O CDC quer mais. Pretende pressionar a Agência de Drogas e Alimentos do governo dos Estados Unidos (FDA) para restringir o uso dos opioides somente para casos de “dor severa” (até onde sabemos não conseguiram ainda). Este imbróglio é palco de um debate que já vem acontecendo há algum tempo nas terras do Tio Sam.

“(Opioides) são medicações perigosas. Deveriam ser reservadas para situações como dor causada por câncer”, opina Dr. Frieden. “Em outras situações, o risco passa por cima dos benefícios”. Para o diretor do CDC, este tipo de medicação é receitado mais do que deveria. (Fonte: American News Report, 02/07/2013)

Medicação para dor, caros leitores, deveria ser tomada ocasionalmente e sob prescrição médica. Não se pode tomar medicação a rodo, como se fosse água, achando a coisa mais natural do mundo. Porque não é.

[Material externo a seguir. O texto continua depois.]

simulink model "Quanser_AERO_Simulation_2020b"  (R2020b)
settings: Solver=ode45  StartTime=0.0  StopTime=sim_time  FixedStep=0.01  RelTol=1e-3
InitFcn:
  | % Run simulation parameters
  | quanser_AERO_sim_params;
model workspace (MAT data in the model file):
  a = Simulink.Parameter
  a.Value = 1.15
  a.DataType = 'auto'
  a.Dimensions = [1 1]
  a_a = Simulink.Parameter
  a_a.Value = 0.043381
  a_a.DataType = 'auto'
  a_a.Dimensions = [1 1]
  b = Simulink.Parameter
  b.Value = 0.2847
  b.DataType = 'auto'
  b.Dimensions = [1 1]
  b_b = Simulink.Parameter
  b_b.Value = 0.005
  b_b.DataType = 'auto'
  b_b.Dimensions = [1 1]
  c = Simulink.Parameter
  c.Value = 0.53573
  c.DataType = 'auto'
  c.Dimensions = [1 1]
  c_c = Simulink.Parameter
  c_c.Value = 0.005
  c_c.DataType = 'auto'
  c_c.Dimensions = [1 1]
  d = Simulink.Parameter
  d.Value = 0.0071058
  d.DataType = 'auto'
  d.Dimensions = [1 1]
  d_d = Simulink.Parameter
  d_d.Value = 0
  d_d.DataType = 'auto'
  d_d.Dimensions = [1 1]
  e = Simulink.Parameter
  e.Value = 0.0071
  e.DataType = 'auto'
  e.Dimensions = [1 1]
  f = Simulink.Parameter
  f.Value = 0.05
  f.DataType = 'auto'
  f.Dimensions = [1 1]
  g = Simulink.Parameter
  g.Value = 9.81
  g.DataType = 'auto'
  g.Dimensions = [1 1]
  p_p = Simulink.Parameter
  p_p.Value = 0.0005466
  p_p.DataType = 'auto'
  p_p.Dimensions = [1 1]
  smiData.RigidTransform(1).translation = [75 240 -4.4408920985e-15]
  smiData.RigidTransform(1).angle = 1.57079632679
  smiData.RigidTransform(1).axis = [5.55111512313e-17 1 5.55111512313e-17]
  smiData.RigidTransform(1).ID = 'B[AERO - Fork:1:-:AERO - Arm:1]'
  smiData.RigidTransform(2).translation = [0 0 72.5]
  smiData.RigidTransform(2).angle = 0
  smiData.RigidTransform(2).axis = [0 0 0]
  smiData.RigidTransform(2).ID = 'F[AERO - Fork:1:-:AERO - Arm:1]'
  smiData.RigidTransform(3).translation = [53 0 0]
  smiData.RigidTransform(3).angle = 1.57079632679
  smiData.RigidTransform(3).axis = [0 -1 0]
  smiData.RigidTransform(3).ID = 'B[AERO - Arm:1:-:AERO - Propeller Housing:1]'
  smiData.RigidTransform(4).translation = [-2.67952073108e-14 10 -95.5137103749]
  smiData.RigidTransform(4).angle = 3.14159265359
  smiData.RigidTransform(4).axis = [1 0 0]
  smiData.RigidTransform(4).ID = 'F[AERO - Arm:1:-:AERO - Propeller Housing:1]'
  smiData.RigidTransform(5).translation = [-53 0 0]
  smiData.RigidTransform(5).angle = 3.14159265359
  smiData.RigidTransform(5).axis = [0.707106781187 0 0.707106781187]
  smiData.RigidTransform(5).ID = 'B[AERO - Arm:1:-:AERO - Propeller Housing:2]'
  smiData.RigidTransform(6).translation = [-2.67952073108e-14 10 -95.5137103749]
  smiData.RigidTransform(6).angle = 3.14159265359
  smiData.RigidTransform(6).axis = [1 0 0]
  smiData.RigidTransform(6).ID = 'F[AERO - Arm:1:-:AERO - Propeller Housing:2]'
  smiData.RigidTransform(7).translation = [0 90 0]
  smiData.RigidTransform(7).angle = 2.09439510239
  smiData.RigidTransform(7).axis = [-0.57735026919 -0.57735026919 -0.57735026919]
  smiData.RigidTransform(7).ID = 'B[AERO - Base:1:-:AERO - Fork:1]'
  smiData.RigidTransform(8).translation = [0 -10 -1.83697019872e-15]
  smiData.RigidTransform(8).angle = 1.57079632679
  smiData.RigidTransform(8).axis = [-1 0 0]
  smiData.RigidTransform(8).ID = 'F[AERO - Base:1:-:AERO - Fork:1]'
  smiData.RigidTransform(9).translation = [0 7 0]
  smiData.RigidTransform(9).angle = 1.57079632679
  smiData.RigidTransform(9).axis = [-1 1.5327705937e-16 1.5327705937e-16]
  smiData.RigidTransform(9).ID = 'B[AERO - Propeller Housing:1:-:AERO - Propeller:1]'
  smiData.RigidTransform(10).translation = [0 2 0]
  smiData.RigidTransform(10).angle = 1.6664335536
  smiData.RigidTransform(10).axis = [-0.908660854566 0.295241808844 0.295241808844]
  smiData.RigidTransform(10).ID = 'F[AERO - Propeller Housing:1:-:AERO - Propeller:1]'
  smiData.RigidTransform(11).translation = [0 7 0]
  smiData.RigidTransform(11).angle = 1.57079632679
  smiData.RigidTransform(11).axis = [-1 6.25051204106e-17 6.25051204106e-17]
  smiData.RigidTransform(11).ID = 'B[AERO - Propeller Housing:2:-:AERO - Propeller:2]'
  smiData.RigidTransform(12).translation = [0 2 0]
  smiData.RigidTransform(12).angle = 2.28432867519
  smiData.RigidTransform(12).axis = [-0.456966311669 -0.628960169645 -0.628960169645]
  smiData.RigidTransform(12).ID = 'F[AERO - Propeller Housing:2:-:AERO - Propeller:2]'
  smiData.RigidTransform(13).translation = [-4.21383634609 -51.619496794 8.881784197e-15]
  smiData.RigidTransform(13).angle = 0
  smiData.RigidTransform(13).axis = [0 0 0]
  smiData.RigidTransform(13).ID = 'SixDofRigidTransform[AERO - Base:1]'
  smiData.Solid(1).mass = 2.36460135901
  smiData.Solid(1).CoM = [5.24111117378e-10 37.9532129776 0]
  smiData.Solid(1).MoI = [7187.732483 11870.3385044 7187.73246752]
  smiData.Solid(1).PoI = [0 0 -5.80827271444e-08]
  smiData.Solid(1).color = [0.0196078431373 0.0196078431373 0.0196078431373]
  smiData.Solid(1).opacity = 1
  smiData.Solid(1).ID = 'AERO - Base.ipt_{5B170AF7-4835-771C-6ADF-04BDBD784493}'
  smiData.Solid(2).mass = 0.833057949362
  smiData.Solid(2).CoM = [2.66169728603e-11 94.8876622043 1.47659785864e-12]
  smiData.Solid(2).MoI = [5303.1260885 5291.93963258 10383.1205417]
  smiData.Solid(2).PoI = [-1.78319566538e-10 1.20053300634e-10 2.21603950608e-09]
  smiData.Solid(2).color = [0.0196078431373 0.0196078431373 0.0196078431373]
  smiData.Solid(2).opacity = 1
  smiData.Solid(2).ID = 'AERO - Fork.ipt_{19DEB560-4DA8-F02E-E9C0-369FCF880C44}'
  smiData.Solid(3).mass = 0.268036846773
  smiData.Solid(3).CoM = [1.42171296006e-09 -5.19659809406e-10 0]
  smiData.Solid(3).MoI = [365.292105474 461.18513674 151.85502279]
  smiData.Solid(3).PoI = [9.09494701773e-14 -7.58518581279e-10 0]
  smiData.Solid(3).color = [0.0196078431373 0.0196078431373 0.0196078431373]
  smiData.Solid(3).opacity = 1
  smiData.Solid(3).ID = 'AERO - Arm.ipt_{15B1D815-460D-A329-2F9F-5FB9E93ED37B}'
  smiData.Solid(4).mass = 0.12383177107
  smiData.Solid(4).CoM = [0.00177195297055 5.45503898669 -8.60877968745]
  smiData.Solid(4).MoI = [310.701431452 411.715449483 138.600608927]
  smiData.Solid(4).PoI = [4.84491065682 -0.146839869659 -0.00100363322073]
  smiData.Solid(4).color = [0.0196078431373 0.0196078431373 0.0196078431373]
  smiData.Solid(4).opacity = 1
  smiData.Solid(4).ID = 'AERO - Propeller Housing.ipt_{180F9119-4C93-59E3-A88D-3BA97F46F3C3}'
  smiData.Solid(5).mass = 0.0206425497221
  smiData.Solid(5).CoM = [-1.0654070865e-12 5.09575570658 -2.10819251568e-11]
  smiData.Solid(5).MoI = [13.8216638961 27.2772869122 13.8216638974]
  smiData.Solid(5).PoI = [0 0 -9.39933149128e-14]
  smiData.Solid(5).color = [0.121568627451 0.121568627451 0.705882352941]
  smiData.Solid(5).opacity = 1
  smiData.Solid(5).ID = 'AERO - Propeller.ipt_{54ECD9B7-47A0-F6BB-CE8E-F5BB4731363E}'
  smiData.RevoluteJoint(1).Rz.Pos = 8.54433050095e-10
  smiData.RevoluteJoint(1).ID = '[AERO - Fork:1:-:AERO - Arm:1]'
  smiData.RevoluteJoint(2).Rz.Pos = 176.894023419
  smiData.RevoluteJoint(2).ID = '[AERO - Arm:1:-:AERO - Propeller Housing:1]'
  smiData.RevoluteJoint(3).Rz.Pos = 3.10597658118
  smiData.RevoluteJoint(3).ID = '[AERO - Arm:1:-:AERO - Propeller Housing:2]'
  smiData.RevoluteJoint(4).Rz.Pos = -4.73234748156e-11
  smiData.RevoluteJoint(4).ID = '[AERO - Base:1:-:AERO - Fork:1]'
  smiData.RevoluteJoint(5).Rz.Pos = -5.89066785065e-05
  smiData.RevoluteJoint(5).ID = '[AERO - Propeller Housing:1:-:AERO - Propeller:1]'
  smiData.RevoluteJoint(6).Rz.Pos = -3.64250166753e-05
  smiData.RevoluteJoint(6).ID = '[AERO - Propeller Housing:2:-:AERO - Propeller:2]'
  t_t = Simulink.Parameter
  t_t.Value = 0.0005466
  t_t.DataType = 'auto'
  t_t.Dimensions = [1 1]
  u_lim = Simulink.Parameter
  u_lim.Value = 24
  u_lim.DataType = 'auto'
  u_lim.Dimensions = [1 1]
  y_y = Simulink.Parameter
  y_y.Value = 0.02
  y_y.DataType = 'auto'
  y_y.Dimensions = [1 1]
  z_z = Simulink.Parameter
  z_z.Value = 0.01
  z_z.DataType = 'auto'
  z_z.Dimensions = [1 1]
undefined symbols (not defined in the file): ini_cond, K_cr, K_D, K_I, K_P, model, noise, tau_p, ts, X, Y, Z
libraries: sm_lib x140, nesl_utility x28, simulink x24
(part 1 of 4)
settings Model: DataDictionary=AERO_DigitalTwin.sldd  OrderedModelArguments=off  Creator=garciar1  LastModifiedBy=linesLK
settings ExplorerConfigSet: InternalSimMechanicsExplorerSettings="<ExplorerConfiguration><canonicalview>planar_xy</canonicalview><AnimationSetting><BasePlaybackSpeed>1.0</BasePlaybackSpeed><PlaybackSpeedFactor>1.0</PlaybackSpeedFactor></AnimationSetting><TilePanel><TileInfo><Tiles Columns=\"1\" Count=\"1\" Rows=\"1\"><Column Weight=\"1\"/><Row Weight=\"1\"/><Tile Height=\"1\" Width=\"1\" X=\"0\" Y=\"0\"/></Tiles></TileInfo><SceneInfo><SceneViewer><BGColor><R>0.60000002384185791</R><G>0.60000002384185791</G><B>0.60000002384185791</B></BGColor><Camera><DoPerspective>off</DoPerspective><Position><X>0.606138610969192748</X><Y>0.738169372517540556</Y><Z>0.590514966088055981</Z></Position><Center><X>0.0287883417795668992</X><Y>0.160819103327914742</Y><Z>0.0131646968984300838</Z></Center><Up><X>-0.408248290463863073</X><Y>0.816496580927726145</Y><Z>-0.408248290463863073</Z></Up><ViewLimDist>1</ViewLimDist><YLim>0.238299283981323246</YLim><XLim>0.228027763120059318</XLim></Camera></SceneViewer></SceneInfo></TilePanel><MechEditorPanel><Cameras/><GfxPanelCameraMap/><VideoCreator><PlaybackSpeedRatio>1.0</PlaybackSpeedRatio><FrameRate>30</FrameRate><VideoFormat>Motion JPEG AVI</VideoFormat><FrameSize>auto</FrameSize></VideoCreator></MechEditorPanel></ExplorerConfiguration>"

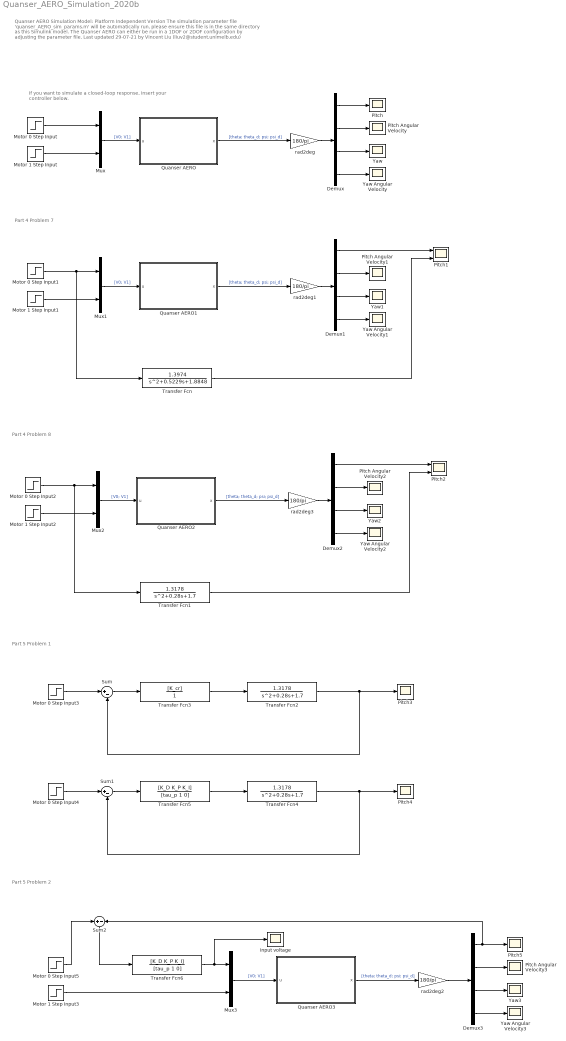
== system Quanser_AERO_Simulation_2020b ==
  note: If you want to simulate a closed-loop response, insert your controller below.
  note: Quanser AERO Simulation Model: Platform Independent Version
      | The simulation parameter file 'quanser_AERO_sim_params.m' will be automatically run, please ensure this file is in the same directory as this Simulink model. The Quanser AERO can either be run in a 1DOF or 2DOF configuration by adjusting the parameter file.
      | Last updated 29-07-21 by Vincent Liu (liuv2@student.unimelb.edu)
  note: Part 4 Problem 7
  note: Part 4 Problem 8
  note: Part 5 Problem 1
  note: Part 5 Problem 2
  Demux{,1..3} (4 alike) : Demux
  Motor 0 Step Input{,1..4} (5 alike) : Step  After=20  SampleTime=0
  Motor 0 Step Input5 : Step  After=10  SampleTime=0
  Motor 1 Step Input{,1..3} (4 alike) : Step  After=10  SampleTime=0
  Mux{,1..3} (4 alike) : Mux  Inputs=2
  Pitch{,3..5} (4 alike) : Scope
  Pitch Angular Velocity{,1..3} (4 alike) : Scope
  Pitch1 : Scope  NumInputPorts=2
  Pitch2 : Scope  NumInputPorts=2
  Quanser AERO : Subsystem  TreatAsAtomicUnit=on
  Quanser AERO1 : Subsystem  TreatAsAtomicUnit=on
  Quanser AERO2 : Subsystem  TreatAsAtomicUnit=on
  Quanser AERO3 : Subsystem  TreatAsAtomicUnit=on
  Sum : Sum  Inputs=|+-
  Sum1 : Sum  Inputs=|+-
  Sum2 : Sum  Inputs=+-
  Transfer Fcn : TransferFcn  Numerator=[1.3974]  Denominator=[1 0.5229 1.8848]
  Transfer Fcn1 : TransferFcn  Numerator=[1.3178]  Denominator=[1 0.28 1.7]
  Transfer Fcn2 : TransferFcn  Numerator=[1.3178]  Denominator=[1 0.28 1.7]
  Transfer Fcn3 : TransferFcn  Numerator=[K_cr]  Denominator=1
  Transfer Fcn4 : TransferFcn  Numerator=[1.3178]  Denominator=[1 0.28 1.7]
  Transfer Fcn5 : TransferFcn  Numerator=[K_D K_P K_I]  Denominator=[tau_p 1 0]
  Transfer Fcn6 : TransferFcn  Numerator=[K_D K_P K_I]  Denominator=[tau_p 1 0]
  Yaw{,1..3} (4 alike) : Scope
  Yaw Angular Velocity{,1..3} (4 alike) : Scope
  input voltage : Scope
  rad2deg{,1..3} (4 alike) : Gain  Gain=180/pi
  wires:
  Demux/3 -> Yaw/1
  Demux/2 -> Pitch Angular Velocity/1
  Demux/4 -> Yaw Angular Velocity/1
  Mux/1 -> Quanser AERO/1(u)  "[V0; V1]"
  rad2deg/1 -> Demux/1
  Quanser AERO/1(x) -> rad2deg/1  "[theta; theta_d; psi; psi_d]"
  Motor 1 Step Input/1 -> Mux/2
  Motor 0 Step Input/1 -> Mux/1
  Demux/1 -> Pitch/1
  Demux1/4 -> Yaw Angular Velocity1/1
  rad2deg1/1 -> Demux1/1
  Demux1/3 -> Yaw1/1
  Quanser AERO1/1(x) -> rad2deg1/1  "[theta; theta_d; psi; psi_d]"
  Mux1/1 -> Quanser AERO1/1(u)  "[V0; V1]"
  Motor 1 Step Input1/1 -> Mux1/2
  Motor 0 Step Input1/1 -> Transfer Fcn/1, Mux1/1
  Demux1/2 -> Pitch Angular Velocity1/1
  Demux1/1 -> Pitch1/1
  Transfer Fcn/1 -> Pitch1/2
  Demux2/3 -> Yaw2/1
  Demux2/4 -> Yaw Angular Velocity2/1
  Demux2/1 -> Pitch2/1
  rad2deg3/1 -> Demux2/1
  Quanser AERO2/1(x) -> rad2deg3/1  "[theta; theta_d; psi; psi_d]"
  Mux2/1 -> Quanser AERO2/1(u)  "[V0; V1]"
  Demux2/2 -> Pitch Angular Velocity2/1
  Transfer Fcn1/1 -> Pitch2/2
  Motor 1 Step Input2/1 -> Mux2/2
  Motor 0 Step Input2/1 -> Transfer Fcn1/1, Mux2/1
  Transfer Fcn2/1 -> Pitch3/1, Sum/2
  Transfer Fcn3/1 -> Transfer Fcn2/1
  Motor 0 Step Input3/1 -> Sum/1
  Sum/1 -> Transfer Fcn3/1
  Transfer Fcn5/1 -> Transfer Fcn4/1
  Transfer Fcn4/1 -> Sum1/2, Pitch4/1
  Sum1/1 -> Transfer Fcn5/1
  Motor 0 Step Input4/1 -> Sum1/1
  rad2deg2/1 -> Demux3/1
  Demux3/1 -> Pitch5/1, Sum2/2
  Demux3/4 -> Yaw Angular Velocity3/1
  Demux3/3 -> Yaw3/1
  Demux3/2 -> Pitch Angular Velocity3/1
  Motor 1 Step Input3/1 -> Mux3/2
  Quanser AERO3/1(x) -> rad2deg2/1  "[theta; theta_d; psi; psi_d]"
  Mux3/1 -> Quanser AERO3/1(u)  "[V0; V1]"
  Transfer Fcn6/1 -> input voltage/1, Mux3/1
  Motor 0 Step Input5/1 -> Sum2/1
  Sum2/1 -> Transfer Fcn6/1

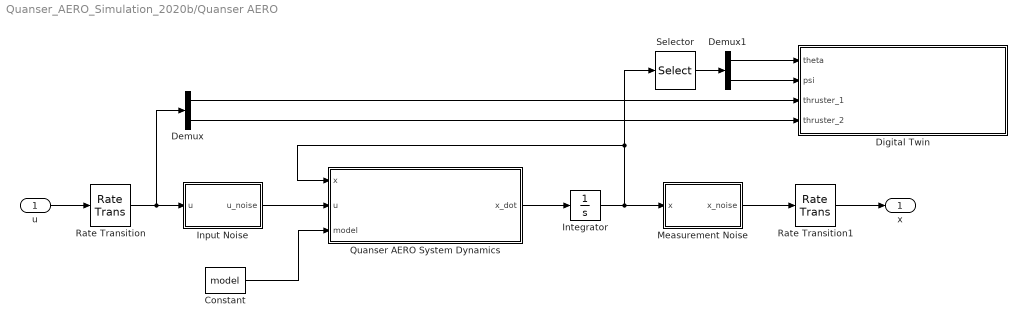
== system Quanser_AERO_Simulation_2020b/Quanser AERO ==
  u : Inport
  Constant : Constant  Value=model
  Demux : Demux  Outputs=2
  Demux1 : Demux  Outputs=2
  Digital Twin : Subsystem
  Input Noise : Subsystem  TreatAsAtomicUnit=on
  Integrator : Integrator  InitialCondition=[ini_cond.theta; ini_cond.theta_dot; ini_cond.psi; ini_cond.psi_dot]
  Measurement Noise : Subsystem  TreatAsAtomicUnit=on
  Quanser AERO System Dynamics : Subsystem  TreatAsAtomicUnit=on
  Rate Transition : RateTransition  OutPortSampleTime=ts
  Rate Transition1 : RateTransition  InitialCondition=[ini_cond.theta; ini_cond.theta_dot; ini_cond.psi; ini_cond.psi_dot]  OutPortSampleTime=ts
  Selector : Selector  InputPortWidth=4  IndexOptions=Index vector (dialog)  Indices=[1 3]  OutputSizes=1
  x : Outport  VectorParamsAs1DForOutWhenUnconnected=off
  wires:
  u/1 -> Rate Transition/1
  Rate Transition/1 -> Input Noise/1(u), Demux/1
  Rate Transition1/1 -> x/1
  Input Noise/1(u_noise) -> Quanser AERO System Dynamics/2(u)
  Measurement Noise/1(x_noise) -> Rate Transition1/1
  Selector/1 -> Demux1/1
  Demux/1 -> Digital Twin/3(thruster_1)
  Demux/2 -> Digital Twin/4(thruster_2)
  Demux1/1 -> Digital Twin/1(theta)
  Demux1/2 -> Digital Twin/2(psi)
  Integrator/1 -> Measurement Noise/1(x), Selector/1, Quanser AERO System Dynamics/1(x)
  Constant/1 -> Quanser AERO System Dynamics/3(model)
  Quanser AERO System Dynamics/1(x_dot) -> Integrator/1

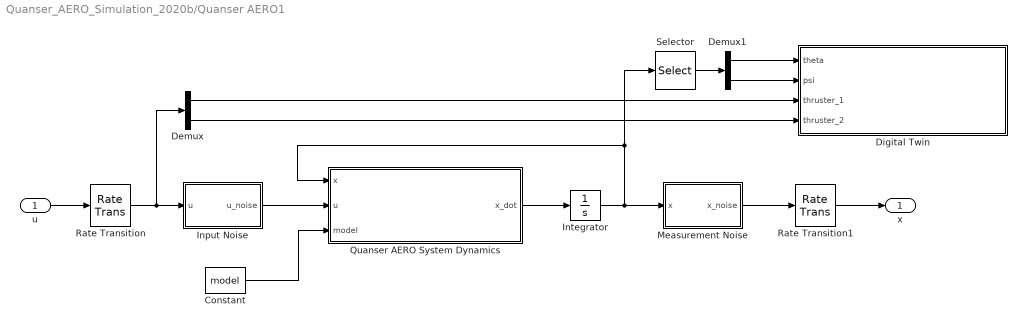
== system Quanser_AERO_Simulation_2020b/Quanser AERO1 ==
  u : Inport
  Constant : Constant  Value=model
  Demux : Demux  Outputs=2
  Demux1 : Demux  Outputs=2
  Digital Twin : Subsystem
  Input Noise : Subsystem  TreatAsAtomicUnit=on
  Integrator : Integrator  InitialCondition=[ini_cond.theta; ini_cond.theta_dot; ini_cond.psi; ini_cond.psi_dot]
  Measurement Noise : Subsystem  TreatAsAtomicUnit=on
  Quanser AERO System Dynamics : Subsystem  TreatAsAtomicUnit=on
  Rate Transition : RateTransition  OutPortSampleTime=ts
  Rate Transition1 : RateTransition  InitialCondition=[ini_cond.theta; ini_cond.theta_dot; ini_cond.psi; ini_cond.psi_dot]  OutPortSampleTime=ts
  Selector : Selector  InputPortWidth=4  IndexOptions=Index vector (dialog)  Indices=[1 3]  OutputSizes=1
  x : Outport  VectorParamsAs1DForOutWhenUnconnected=off
  wires:
  u/1 -> Rate Transition/1
  Rate Transition/1 -> Input Noise/1(u), Demux/1
  Rate Transition1/1 -> x/1
  Input Noise/1(u_noise) -> Quanser AERO System Dynamics/2(u)
  Measurement Noise/1(x_noise) -> Rate Transition1/1
  Selector/1 -> Demux1/1
  Demux/1 -> Digital Twin/3(thruster_1)
  Demux/2 -> Digital Twin/4(thruster_2)
  Demux1/1 -> Digital Twin/1(theta)
  Demux1/2 -> Digital Twin/2(psi)
  Integrator/1 -> Measurement Noise/1(x), Selector/1, Quanser AERO System Dynamics/1(x)
  Constant/1 -> Quanser AERO System Dynamics/3(model)
  Quanser AERO System Dynamics/1(x_dot) -> Integrator/1

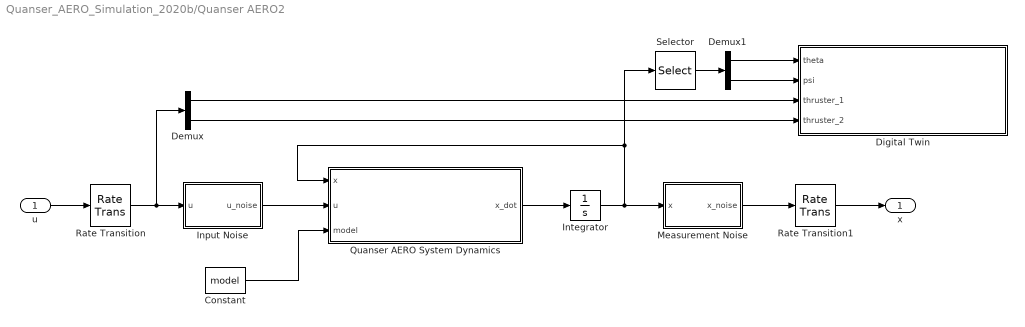
== system Quanser_AERO_Simulation_2020b/Quanser AERO2 ==
  u : Inport
  Constant : Constant  Value=model
  Demux : Demux  Outputs=2
  Demux1 : Demux  Outputs=2
  Digital Twin : Subsystem
  Input Noise : Subsystem  TreatAsAtomicUnit=on
  Integrator : Integrator  InitialCondition=[ini_cond.theta; ini_cond.theta_dot; ini_cond.psi; ini_cond.psi_dot]
  Measurement Noise : Subsystem  TreatAsAtomicUnit=on
  Quanser AERO System Dynamics : Subsystem  TreatAsAtomicUnit=on
  Rate Transition : RateTransition  OutPortSampleTime=ts
  Rate Transition1 : RateTransition  InitialCondition=[ini_cond.theta; ini_cond.theta_dot; ini_cond.psi; ini_cond.psi_dot]  OutPortSampleTime=ts
  Selector : Selector  InputPortWidth=4  IndexOptions=Index vector (dialog)  Indices=[1 3]  OutputSizes=1
  x : Outport  VectorParamsAs1DForOutWhenUnconnected=off
  wires:
  u/1 -> Rate Transition/1
  Rate Transition/1 -> Input Noise/1(u), Demux/1
  Rate Transition1/1 -> x/1
  Input Noise/1(u_noise) -> Quanser AERO System Dynamics/2(u)
  Measurement Noise/1(x_noise) -> Rate Transition1/1
  Selector/1 -> Demux1/1
  Demux/1 -> Digital Twin/3(thruster_1)
  Demux/2 -> Digital Twin/4(thruster_2)
  Demux1/1 -> Digital Twin/1(theta)
  Demux1/2 -> Digital Twin/2(psi)
  Integrator/1 -> Measurement Noise/1(x), Selector/1, Quanser AERO System Dynamics/1(x)
  Constant/1 -> Quanser AERO System Dynamics/3(model)
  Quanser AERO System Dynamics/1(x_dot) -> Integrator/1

Será que tudo isso é um reflexo da vida que vivemos? O jornal The New York Times fez naquele período uma reportagem sobre o aumento de responsabilidades vivido pela mulher americana. Que se entupir de analgésicos causa uma “sensação de dormência em suas vidas”. Que as fazem sentir “fortes, produtivas e bonitas”. Será que isso seria o reflexo de um problema social mais sério e profundo nos Estados Unidos? E aqui no Brasil, com o indelével hábito da população de automedicar-se, estaríamos afundando na mesma barca?

Um parêntese: pode-se imaginar como o problema deve ter assumido uma proporção ainda mais gigantesca durante a pandemia…

De todo o jeito, naquela semana de 2013, todos os canais de TV dos Estados Unidos noticiaram ad nauseam (alarmismo atrai telespectador e dá ibope). A indignação era geral. O país ficou em polvorosa. Depois, como de costume nesses tempos que vivemos, o assunto morreu na praia depois de uns dois ou três dias. Passou seus 15 minutos de fama, como dizia Andy Warhol.

Mas seria melhor mesmo simplesmente ignorar e esquecer? O assunto pede reflexão… E como pede!